The recovery of dump energy in ray circle, improves efficiency and the power density of device.Owing to resonant tank and transmitting antenna being deposited
Certain energy loss is there is, it is therefore desirable to utilize invariable power charging major loop to carry out energy in D.C. resistance, resonant process
Supplement.
Fig. 2 be the present invention high-power main loop module in LC resonant full bridge inversion major loop and invariable power charge major loop
Connection diagram, as can be seen from the figure: the first electric capacity could be arranged to multiple, such as, be set to 3, each electric capacity is all joined
Put a switch to be controlled.
Time domain big electric current aviation electromagnetic discharger by emission current is injected transmitting coil, by coil-induced go out
Transient electromagnetic field, preferable transmitted waveform is square-wave waveform, and the frequency signal comprised enriches.But, transmitting coil is that perception is negative
Carrying, the physical property of inductance determines the electric current flowing through in inductance and cannot break through, and compared with square wave, uses key player on a team's waveform to be easier to
Realize hundreds of ampere and even go up the big electric current of kiloampere, thus realize big transmitting magnetic moment and big investigation depth.
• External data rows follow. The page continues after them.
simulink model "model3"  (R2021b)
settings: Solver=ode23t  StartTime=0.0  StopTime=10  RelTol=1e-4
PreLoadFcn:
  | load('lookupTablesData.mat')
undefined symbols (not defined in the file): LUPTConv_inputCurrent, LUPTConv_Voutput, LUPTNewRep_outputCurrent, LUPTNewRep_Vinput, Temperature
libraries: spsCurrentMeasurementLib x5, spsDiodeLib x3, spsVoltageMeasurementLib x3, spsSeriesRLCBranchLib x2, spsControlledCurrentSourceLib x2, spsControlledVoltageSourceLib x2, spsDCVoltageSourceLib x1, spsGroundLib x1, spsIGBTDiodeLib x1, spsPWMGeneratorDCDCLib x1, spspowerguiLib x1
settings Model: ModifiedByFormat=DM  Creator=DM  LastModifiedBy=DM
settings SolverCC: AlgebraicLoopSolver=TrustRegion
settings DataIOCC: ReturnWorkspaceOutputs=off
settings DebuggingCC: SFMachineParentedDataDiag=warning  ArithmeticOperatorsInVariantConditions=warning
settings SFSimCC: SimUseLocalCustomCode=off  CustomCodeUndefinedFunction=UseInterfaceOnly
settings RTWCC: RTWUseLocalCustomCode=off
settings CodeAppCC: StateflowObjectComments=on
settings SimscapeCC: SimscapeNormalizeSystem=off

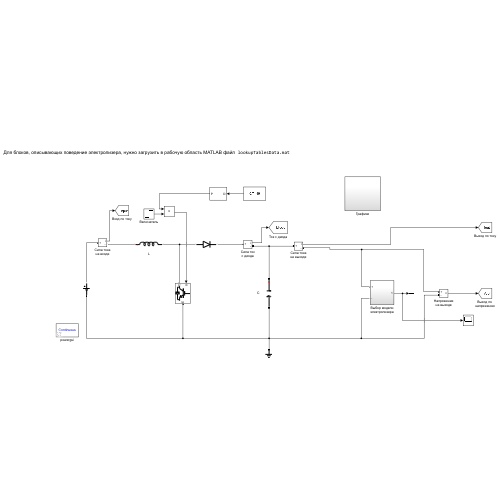
[thumbnail: Simulink's stored preview of the top-level diagram]
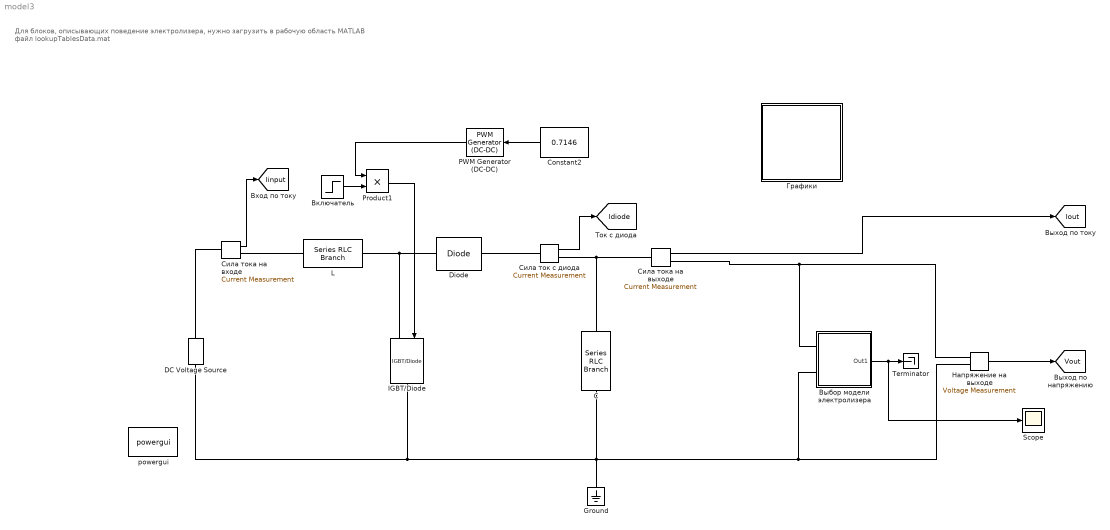
== system model3 ==
  note: Для блоков, описывающих поведение электролизера, нужно загрузить в рабочую область MATLAB файл lookupTablesData.mat
  "C " : spsSeriesRLCBranchLib/Series RLC Branch  LConnTagsString=__new0  RConnTagsString=__new0  BranchType=C  Resistance=1e-3  Inductance=1e-3  SetiL0=off  InitialCurrent=0  Capacitance=8000e-6  Setx0=off  InitialVoltage=40  Measurements=None
  Constant2 : Constant  Value=0.7146
  DC Voltage Source : spsDCVoltageSourceLib/DC Voltage Source  Amplitude=10  Measurements=None
  Diode : spsDiodeLib/Diode  Ron=0.001  Lon=0  Vf=0.1  IC=0  UseSnubber=off  Rs=inf  Cs=0  Measurements=off
  Ground : spsGroundLib/Ground  LConnTagsString=a
  IGBT/Diode : spsIGBTDiodeLib/IGBT//Diode  Ron=1e-3  Rs=1e5  Cs=inf  Measurements=off
  L : spsSeriesRLCBranchLib/Series RLC Branch  LConnTagsString=__new0  RConnTagsString=__new0  BranchType=L  Resistance=0.1  Inductance=0.001  SetiL0=off  InitialCurrent=0  Capacitance=1e-6  Setx0=off  InitialVoltage=0  Measurements=None
  PWM Generator (DC-DC) : spsPWMGeneratorDCDCLib/PWM Generator (DC-DC)  Fsw=10000  Ts=0
  Product1 : Product
  Scope : Scope
  Terminator : Terminator
  powergui : spspowerguiLib/powergui  Priority=1  SimulationMode=Continuous  SampleTime=0.1e-6  frequency=60  Iterations=50  frequencyindice=0  Pbase=100e6  ErrMax=1e-4  UnitsV=V  UnitsW=W  buscounter=0  FunctionMessages=off  echomessages=off  EnableUseOfTLC=off  CurrentSourceSwitches=on  DisableSnubberDevices=off  DisableRonSwitches=off  DisableVfSwitches=off  DisplayEquations=off  AutomaticDiscreteSolvers=off  SolverType=Tustin/Backward Euler (TBE)  Interpol=off  ExternalGateDelay=off  methode=off  Ts=10  x0status=zero  SPID=off  SwTol=0  HookPort=off  NonlinearTolerance=1e-4  nMaxIteration=100  ContinueOnMaxIteration=off  RestoreLinks=warning  ResistiveCurrentMeasurement=off  Frange=[0:2:500]  Ylog=off  Xlog=on  ShowGrid=off  save=off  variable=ZData  structure=0  ZoomFFT=off  StartTime=0.0  cycles=1  DisplayStyle=1  fundamental=60  FreqAxis=off  MaxFrequency=1000  frequencyindicesteady=1  RmsSteady=1  display=off
  Включатель : Step  Time=0.3  SampleTime=0
  Выбор модели электролизера : Subsystem
  Графики : Subsystem
  Напряжение на выходе : spsVoltageMeasurementLib/Voltage Measurement  PhasorSimulation=off  OutputType=Complex  PSBequivalent=0
  Сила ток с диода : spsCurrentMeasurementLib/Current Measurement  PhasorSimulation=off  OutputType=Complex  PSBequivalent=0
  Сила тока на входе : spsCurrentMeasurementLib/Current Measurement  PhasorSimulation=off  OutputType=Complex  PSBequivalent=0
  Сила тока на выходе : spsCurrentMeasurementLib/Current Measurement  PhasorSimulation=off  OutputType=Complex  PSBequivalent=0
  tag scope: Idiode=global, Iinput=global, Iout=global, Vout=global
  wires:
  Напряжение на выходе/1 -> [Vout]
  Сила тока на выходе/1 -> [Iout]
  Constant2/1 -> PWM Generator (DC-DC)/1
  Сила ток с диода/1 -> [Idiode]
  Сила тока на входе/1 -> [Iinput]
  Включатель/1 -> Product1/2
  Product1/1 -> IGBT/Diode/1
  PWM Generator (DC-DC)/1 -> Product1/1
  Выбор модели электролизера/1(Out1) -> Scope/1, Terminator/1
  connections:
  Напряжение на выходе/LConn2 -- Выбор модели электролизера/LConn2 -- Ground/LConn1 -- "C "/RConn1 -- DC Voltage Source/LConn1 -- IGBT/Diode/RConn1
  Напряжение на выходе/LConn1 -- Сила тока на выходе/RConn1 -- Выбор модели электролизера/LConn1
  Сила тока на выходе/LConn1 -- "C "/LConn1 -- Сила ток с диода/RConn1
  Сила тока на входе/LConn1 -- DC Voltage Source/RConn1
  Сила тока на входе/RConn1 -- L/LConn1
  L/RConn1 -- Diode/LConn1 -- IGBT/Diode/LConn1
  Diode/RConn1 -- Сила ток с диода/LConn1

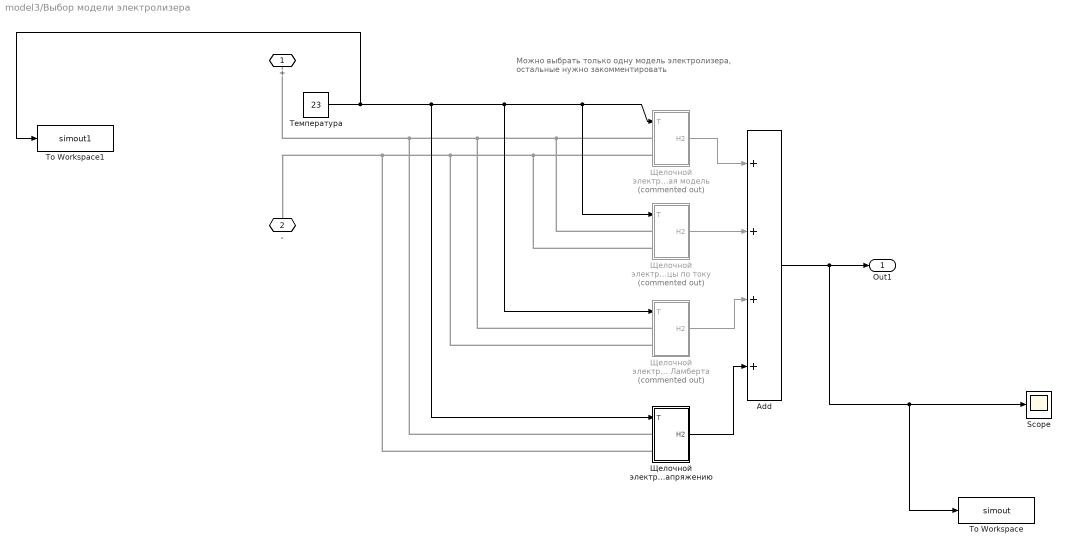
== system model3/Выбор модели электролизера ==
  note: Можно выбрать только одну модель электролизера,
      | остальные нужно закомментировать
  Add : Sum  Inputs=4
  Scope : Scope
  To Workspace : ToWorkspace  VariableName=simout  SaveFormat=Timeseries  SampleTime=-1
  To Workspace1 : ToWorkspace  VariableName=simout1  SaveFormat=Timeseries  SampleTime=-1
  Температура : Constant  Value=23
  Щелочной электролизер Поисковая таблица по напряжению : Subsystem  mask{A=0.25, nc=21}
      mask prompts: A "Area"; nc "Cells In series"
      mask help:
      | Базовая модель электролизера с поисковой таблицей по I-V кривым с использованием инвертированной эмпирической модели Уллеберга
      |
      | Молярный расход водорода определяется как
      | nH = ( f2(I/A)^2/(f1 + (I/A)^2 )(I/zF)
      | где:
      | f1, f2 - Пареаметры, связанные с эффективностью Фарадея
      | F - постоянная Фарадея = 96 485
      | z=2 - число электронов
      |
      | Положительные и отрицательные выводы элемента обозначаются знаками + и - соответственно.
  Щелочной электролизер Символьная функция Ламберта : Subsystem  Commented=on  mask{A=0.25, nc=21, r1=0.0001969, r2=-5.754e-07, s=0.1862, t1=0.008887, t2=-21.46, t3=2362}
      mask prompts: A "Area"; nc "Cells In series"; r1 "r1 ohmic parameter"; r2 "r2 ohmic parameter"; s "s overvoltage parameter"; t1 "t1 overvoltage parameter"; t2 "t2 overvoltage parameter"; t3 "t3 overvoltage parameter"
      mask help:
      | Basic alkaline electrolyzer model
      | Inverse of Ulleberg model with a current-voltage (I-V) relationship.
      | The current is given in terms of the voltage using lambert W function:
      |
      | W(10^(1/s*(Velec/Nc - Vrev))  *  Term1) / Term2 - Term3 = Ielec
      |
      | where:
      | Term1 = 10^( (r1 + r2*T) / (s*t1 + s*t2/T + s*t3/T^2)) * ln(10)*(r1 + r2*T) / (s*t1 + s*t2/T + s*t3/T^2)
      | Term2 = ln(10) * (1/(s*A))*(r1+r2*T)
      | Term3 = A/(t1 + t2/T + t3/T^2)
      | T=Temperature
      | A=Area
      | r1,r2 Parameters related to ohmic resistance of electrolyte.
      | s,t1,t2,t3 Coefficients for overvoltage on electrodes.
      | Vrev= 1.229
      |
      | Hydrogen molar flow rate is given by
      | nH = ( f2(I/A)^2/(f1 + (I/A)^2 )(I/zF)
      | where:
      | f1, f2 Pareameters related to the Faraday efficiency
      | F faraday constant = 96 485
      | z=2
      |
      |
      | The positive and negative terminals of the element are denoted by the + and - signs respectively.
  Щелочной электролизер Традиционная модель : Subsystem  Commented=on  mask{A=0.25, nc=21, r1=0.0001969, r2=-5.754e-07, s=0.1862, t1=0.008887, t2=-21.46, t3=2362}
      mask prompts: A "Area"; nc "Cells In series"; r1 "r1 ohmic parameter"; r2 "r2 ohmic parameter"; s "s overvoltage parameter"; t1 "t1 overvoltage parameter"; t2 "t2 overvoltage parameter"; t3 "t3 overvoltage parameter"
      mask help:
      | Basic alkaline electrolyzer model
      | The voltage-current (V-I) relationship for this element according to Ulleberg model is
      | V= Vrev + (r1+r2T)I/A + slog((t1+t2/T+t3/T^2)I/A+1)
      | where:
      | T=Temperature
      | A=Area
      | r1,r2 Parameters related to ohmic resistance of electrolyte.
      | s,t1,t2,t3 Coefficients for overvoltage on electrodes.
      | Vrev= 1.229
      |
      | Hydrogen molar flow rate is given by
      | nH = ( f2(I/A)^2/(f1 + (I/A)^2 )(I/zF)
      | where:
      | f1, f2 Pareameters related to the Faraday efficiency
      | F faraday constant = 96 485
      | z=2
      |
      |
      | The positive and negative terminals of the element are denoted by the + and - signs respectively.
  Щелочной электролизер Традиционная модель с использованием поисковой таблицы по току : Subsystem  Commented=on  mask{A=0.25, nc=21}
      mask prompts: A "Area"; nc "Cells In series"
      mask help:
      | Basic electrolyzer model - Lookup table for V-I curves using Ulleberg model
      |
      | Hydrogen molar flow rate is given by
      | nH = ( f2(I/A)^2/(f1 + (I/A)^2 )(I/zF)
      | where:
      | f1, f2 Pareameters related to the Faraday efficiency
      | F faraday constant = 96 485
      | z=2
      |
      | The positive and negative terminals of the element are denoted by the + and - signs respectively.
  + : PMIOPort  Side=Left
  - : PMIOPort  Port=2  Side=Left
  Out1 : Outport  VectorParamsAs1DForOutWhenUnconnected=off
  wires:
  Add/1 -> To Workspace/1, Scope/1, Out1/1
  Щелочной электролизер Традиционная модель с использованием поисковой таблицы по току/1(H2) -> Add/2
  Щелочной электролизер Символьная функция Ламберта/1(H2) -> Add/3
  Щелочной электролизер Традиционная модель/1(H2) -> Add/1
  Щелочной электролизер Поисковая таблица по напряжению/1(H2) -> Add/4
  Температура/1 -> To Workspace1/1, Щелочной электролизер Поисковая таблица по напряжению/1(T), Щелочной электролизер Символьная функция Ламберта/1(T), Щелочной электролизер Традиционная модель/1(T), Щелочной электролизер Традиционная модель с использованием поисковой таблицы по току/1(T)
  connections:
  Щелочной электролизер Традиционная модель с использованием поисковой таблицы по току/LConn2 -- Щелочной электролизер Поисковая таблица по напряжению/LConn2 -- -/RConn1 -- Щелочной электролизер Символьная функция Ламберта/LConn2 -- Щелочной электролизер Традиционная модель/LConn2
  Щелочной электролизер Традиционная модель с использованием поисковой таблицы по току/LConn1 -- Щелочной электролизер Поисковая таблица по напряжению/LConn1 -- +/RConn1 -- Щелочной электролизер Символьная функция Ламберта/LConn1 -- Щелочной электролизер Традиционная модель/LConn1

== system model3/Графики ==
  Scopes : Scope  NumInputPorts=4
  wires:
  [Iinput] -> Scopes/1
  [Vout] -> Scopes/3
  [Iout] -> Scopes/4
  [Idiode] -> Scopes/2

== system model3/Выбор модели электролизера/Щелочной электролизер Поисковая таблица по напряжению ==
  T : Inport
  Controlled Current Source : spsControlledCurrentSourceLib/Controlled Current Source  Initialize=on  Source_Type=DC  Amplitude=0  Phase=0  Frequency=0  Measurements=None
  Voltage Measurement : spsVoltageMeasurementLib/Voltage Measurement  PhasorSimulation=off  OutputType=Complex  PSBequivalent=0
  Модель электролизера : Subsystem  TreatAsAtomicUnit=on
  + : PMIOPort  Tag=PMCPort  Side=Left
  - : PMIOPort  Tag=PMCPort  Port=2  Side=Left
  H2 : Outport  VectorParamsAs1DForOutWhenUnconnected=off
  wires:
  Модель электролизера/2(M-h2) -> H2/1
  T/1 -> Модель электролизера/1(T)
  Модель электролизера/1(Ielec) -> Controlled Current Source/1
  Voltage Measurement/1 -> Модель электролизера/2(Velec)
  connections:
  -/RConn1 -- Controlled Current Source/RConn1 -- Voltage Measurement/LConn2
  Voltage Measurement/LConn1 -- +/RConn1 -- Controlled Current Source/LConn1

== system model3/Выбор модели электролизера/Щелочной электролизер Символьная функция Ламберта ==
  T : Inport
  Alkaline Electrolyzer Model : Subsystem  TreatAsAtomicUnit=on
  Controlled Current Source : spsControlledCurrentSourceLib/Controlled Current Source  Initialize=on  Source_Type=DC  Amplitude=0  Phase=0  Frequency=0  Measurements=None
  Voltage Measurement : spsVoltageMeasurementLib/Voltage Measurement  PhasorSimulation=off  OutputType=Complex  PSBequivalent=0
  + : PMIOPort  Tag=PMCPort  Side=Left
  - : PMIOPort  Tag=PMCPort  Port=2  Side=Left
  H2 : Outport  VectorParamsAs1DForOutWhenUnconnected=off
  wires:
  Alkaline Electrolyzer Model/2(M-h2) -> H2/1
  T/1 -> Alkaline Electrolyzer Model/1(T)
  Alkaline Electrolyzer Model/1(Ielec) -> Controlled Current Source/1
  Voltage Measurement/1 -> Alkaline Electrolyzer Model/2(Velec)
  connections:
  -/RConn1 -- Controlled Current Source/RConn1 -- Voltage Measurement/LConn2
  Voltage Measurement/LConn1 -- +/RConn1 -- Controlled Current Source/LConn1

The transmitted waveform of assembly of the invention is bi-polar half sine wave, and Fig. 5 A, 5B, 5C give transmitting fundamental frequency and be respectively
Transmitted waveform signal when 25Hz, 75Hz, 125Hz.
Fundamental frequency 25Hz, half-wave pulsewidth 1/2/25=20ms=4ms semisinusoidal+16ms power-off;
Fundamental frequency 75Hz, half-wave pulsewidth 1/2/75=6.667ms=2ms semisinusoidal+4.6667 power-off, not trapezoidal wave;
Fundamental frequency 125Hz, half-wave pulsewidth 1/2/125=4ms=1ms semisinusoidal+3ms power-off, not trapezoidal wave.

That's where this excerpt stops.